§ Problem description
The answer must consist of every line below that holds the word "blind".

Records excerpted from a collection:
┌──

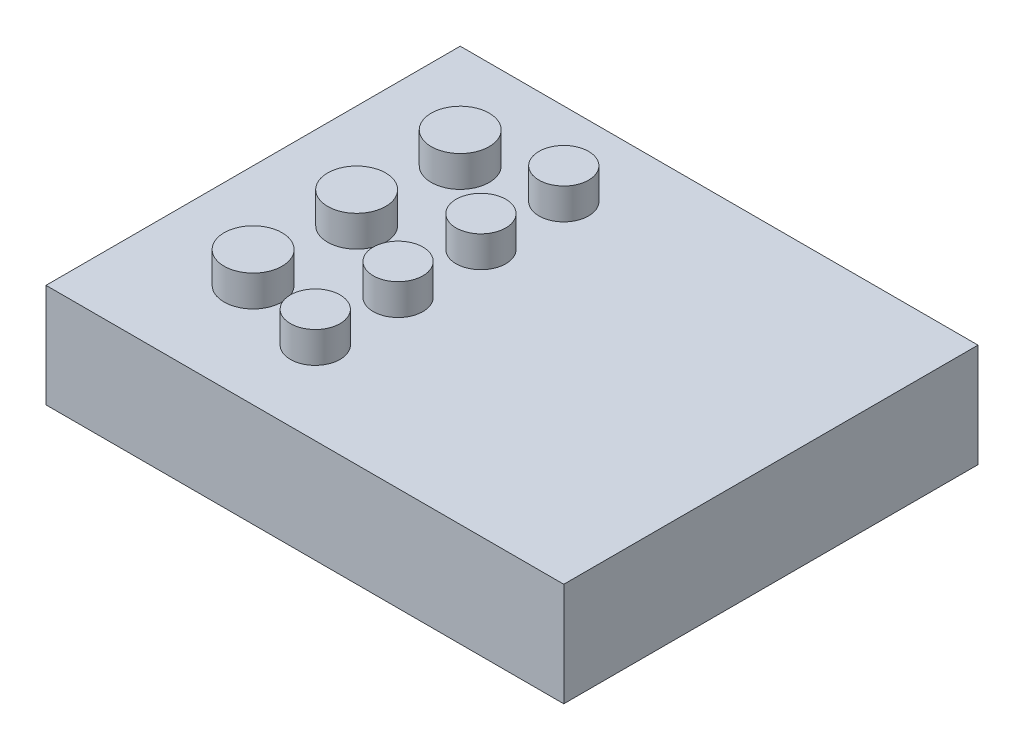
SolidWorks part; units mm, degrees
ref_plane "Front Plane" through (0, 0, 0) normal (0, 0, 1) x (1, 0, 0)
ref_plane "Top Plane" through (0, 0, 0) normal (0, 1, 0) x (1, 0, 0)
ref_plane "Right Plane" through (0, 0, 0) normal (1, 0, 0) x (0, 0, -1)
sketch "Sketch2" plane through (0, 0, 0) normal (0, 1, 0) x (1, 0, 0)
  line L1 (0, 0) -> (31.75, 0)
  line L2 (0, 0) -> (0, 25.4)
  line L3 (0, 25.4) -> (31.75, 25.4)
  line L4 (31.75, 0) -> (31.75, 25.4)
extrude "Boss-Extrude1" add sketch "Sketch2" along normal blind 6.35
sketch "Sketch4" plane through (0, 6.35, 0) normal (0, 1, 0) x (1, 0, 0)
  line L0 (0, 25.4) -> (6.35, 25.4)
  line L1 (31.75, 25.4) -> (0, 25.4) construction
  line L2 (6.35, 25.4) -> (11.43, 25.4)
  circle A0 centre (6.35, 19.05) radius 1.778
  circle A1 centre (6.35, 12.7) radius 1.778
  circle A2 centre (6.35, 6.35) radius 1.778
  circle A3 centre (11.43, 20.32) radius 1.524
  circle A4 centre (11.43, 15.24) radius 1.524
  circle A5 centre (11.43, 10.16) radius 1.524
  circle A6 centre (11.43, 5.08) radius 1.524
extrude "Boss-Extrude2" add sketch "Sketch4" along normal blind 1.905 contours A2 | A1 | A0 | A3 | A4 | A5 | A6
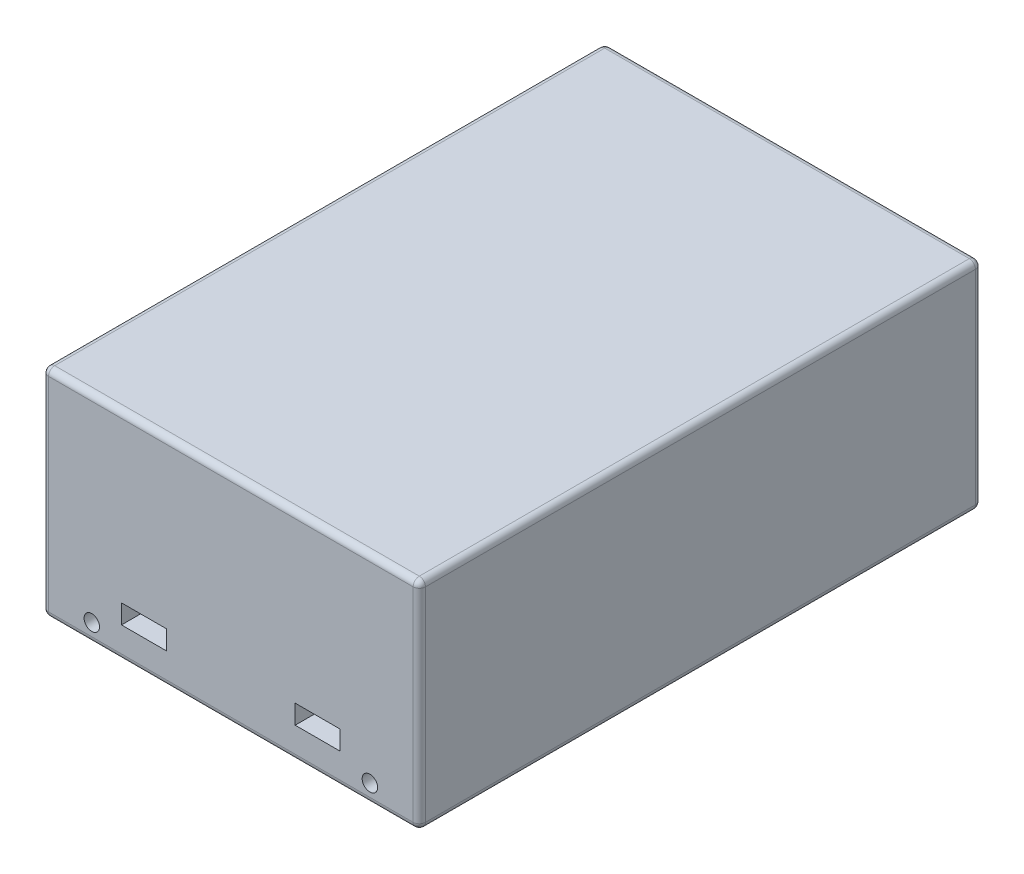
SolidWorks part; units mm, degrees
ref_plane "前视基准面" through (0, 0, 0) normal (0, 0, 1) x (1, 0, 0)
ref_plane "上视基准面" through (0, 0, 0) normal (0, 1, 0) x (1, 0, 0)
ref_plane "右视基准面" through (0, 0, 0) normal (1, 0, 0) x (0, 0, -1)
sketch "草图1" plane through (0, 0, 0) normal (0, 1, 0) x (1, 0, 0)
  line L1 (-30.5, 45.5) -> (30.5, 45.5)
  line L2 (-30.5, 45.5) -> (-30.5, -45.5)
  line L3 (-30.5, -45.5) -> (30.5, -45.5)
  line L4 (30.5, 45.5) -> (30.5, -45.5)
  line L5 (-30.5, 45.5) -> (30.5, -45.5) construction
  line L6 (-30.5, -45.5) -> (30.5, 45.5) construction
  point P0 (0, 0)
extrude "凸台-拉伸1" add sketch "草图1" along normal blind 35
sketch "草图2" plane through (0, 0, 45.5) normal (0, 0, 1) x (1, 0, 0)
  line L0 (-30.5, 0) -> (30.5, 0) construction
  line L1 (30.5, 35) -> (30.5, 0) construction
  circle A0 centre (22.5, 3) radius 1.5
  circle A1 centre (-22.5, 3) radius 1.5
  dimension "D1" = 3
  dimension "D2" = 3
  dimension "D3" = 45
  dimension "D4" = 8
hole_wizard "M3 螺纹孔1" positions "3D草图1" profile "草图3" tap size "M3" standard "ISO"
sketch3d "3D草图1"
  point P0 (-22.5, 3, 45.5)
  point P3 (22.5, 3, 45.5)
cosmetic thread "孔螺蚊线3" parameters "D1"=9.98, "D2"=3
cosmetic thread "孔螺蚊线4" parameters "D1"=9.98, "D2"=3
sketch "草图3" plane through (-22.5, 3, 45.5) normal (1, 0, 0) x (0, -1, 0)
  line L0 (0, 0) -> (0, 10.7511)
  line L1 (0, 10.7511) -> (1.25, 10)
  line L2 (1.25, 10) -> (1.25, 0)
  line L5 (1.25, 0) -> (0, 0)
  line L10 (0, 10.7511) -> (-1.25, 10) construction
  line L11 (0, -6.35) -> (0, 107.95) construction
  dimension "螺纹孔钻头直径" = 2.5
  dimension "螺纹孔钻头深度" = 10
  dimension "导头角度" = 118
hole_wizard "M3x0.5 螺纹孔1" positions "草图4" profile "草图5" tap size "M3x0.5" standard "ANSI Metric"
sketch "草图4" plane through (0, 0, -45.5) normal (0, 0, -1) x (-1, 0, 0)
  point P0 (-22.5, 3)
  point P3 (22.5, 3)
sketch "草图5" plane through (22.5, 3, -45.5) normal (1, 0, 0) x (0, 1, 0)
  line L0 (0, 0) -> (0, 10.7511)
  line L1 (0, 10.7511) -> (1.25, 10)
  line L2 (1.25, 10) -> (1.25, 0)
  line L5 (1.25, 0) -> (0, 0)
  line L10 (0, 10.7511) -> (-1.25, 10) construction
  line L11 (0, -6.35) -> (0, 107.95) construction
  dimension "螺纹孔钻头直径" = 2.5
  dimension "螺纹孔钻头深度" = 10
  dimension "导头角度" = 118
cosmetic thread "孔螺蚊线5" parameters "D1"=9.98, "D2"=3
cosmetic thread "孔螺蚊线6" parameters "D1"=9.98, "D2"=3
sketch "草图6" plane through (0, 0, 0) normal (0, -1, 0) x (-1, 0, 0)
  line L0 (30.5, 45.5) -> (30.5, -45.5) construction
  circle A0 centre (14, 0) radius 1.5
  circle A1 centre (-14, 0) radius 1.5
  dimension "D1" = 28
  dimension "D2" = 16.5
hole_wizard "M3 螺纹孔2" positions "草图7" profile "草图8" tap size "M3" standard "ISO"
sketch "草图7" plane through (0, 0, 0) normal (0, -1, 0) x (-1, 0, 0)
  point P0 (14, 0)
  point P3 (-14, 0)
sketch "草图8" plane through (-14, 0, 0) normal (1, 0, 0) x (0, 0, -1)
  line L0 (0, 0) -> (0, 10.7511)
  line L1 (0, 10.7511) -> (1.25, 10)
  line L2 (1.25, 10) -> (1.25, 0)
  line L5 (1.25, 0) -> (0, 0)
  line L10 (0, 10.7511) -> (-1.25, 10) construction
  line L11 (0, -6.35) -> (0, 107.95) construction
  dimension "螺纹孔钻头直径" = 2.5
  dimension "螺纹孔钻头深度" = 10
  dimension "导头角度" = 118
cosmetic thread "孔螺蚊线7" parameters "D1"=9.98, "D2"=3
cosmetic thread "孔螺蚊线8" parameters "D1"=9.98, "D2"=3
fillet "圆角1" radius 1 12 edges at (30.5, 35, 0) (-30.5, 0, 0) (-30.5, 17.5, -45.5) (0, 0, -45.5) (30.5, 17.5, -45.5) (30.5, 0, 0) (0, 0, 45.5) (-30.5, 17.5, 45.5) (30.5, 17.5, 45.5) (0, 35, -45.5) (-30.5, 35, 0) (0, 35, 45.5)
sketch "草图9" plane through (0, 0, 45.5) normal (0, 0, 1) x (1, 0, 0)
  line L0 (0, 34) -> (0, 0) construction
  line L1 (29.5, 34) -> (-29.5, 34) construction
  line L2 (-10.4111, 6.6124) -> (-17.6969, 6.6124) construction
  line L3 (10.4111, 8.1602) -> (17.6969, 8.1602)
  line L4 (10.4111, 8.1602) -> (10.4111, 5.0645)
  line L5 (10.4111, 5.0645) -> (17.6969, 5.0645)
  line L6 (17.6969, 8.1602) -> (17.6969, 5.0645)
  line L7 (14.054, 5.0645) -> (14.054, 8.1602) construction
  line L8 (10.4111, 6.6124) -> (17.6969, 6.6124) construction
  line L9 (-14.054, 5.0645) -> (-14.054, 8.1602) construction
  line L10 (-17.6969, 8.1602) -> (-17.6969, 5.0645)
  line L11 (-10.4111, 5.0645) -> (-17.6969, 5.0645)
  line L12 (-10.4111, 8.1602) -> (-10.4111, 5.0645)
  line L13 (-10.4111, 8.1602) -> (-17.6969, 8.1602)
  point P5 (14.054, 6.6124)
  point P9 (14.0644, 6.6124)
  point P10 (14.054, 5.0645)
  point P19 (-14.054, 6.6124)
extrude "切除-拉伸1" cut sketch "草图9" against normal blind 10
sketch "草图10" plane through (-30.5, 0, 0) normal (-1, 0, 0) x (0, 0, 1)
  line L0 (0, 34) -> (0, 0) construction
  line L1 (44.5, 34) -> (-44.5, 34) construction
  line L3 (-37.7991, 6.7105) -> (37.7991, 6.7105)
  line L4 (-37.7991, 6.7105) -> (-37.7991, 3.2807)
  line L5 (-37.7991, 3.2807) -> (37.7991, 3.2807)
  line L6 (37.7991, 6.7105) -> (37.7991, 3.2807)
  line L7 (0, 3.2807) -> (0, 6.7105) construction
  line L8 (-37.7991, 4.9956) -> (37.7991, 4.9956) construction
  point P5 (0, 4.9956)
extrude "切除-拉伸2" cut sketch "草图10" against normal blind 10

└──

§ Task output
extrude "Boss-Extrude1" add sketch "Sketch2" along normal blind 6.35
extrude "Boss-Extrude2" add sketch "Sketch4" along normal blind 1.905 contours A2 | A1 | A0 | A3 | A4 | A5 | A6
extrude "凸台-拉伸1" add sketch "草图1" along normal blind 35
extrude "切除-拉伸1" cut sketch "草图9" against normal blind 10
extrude "切除-拉伸2" cut sketch "草图10" against normal blind 10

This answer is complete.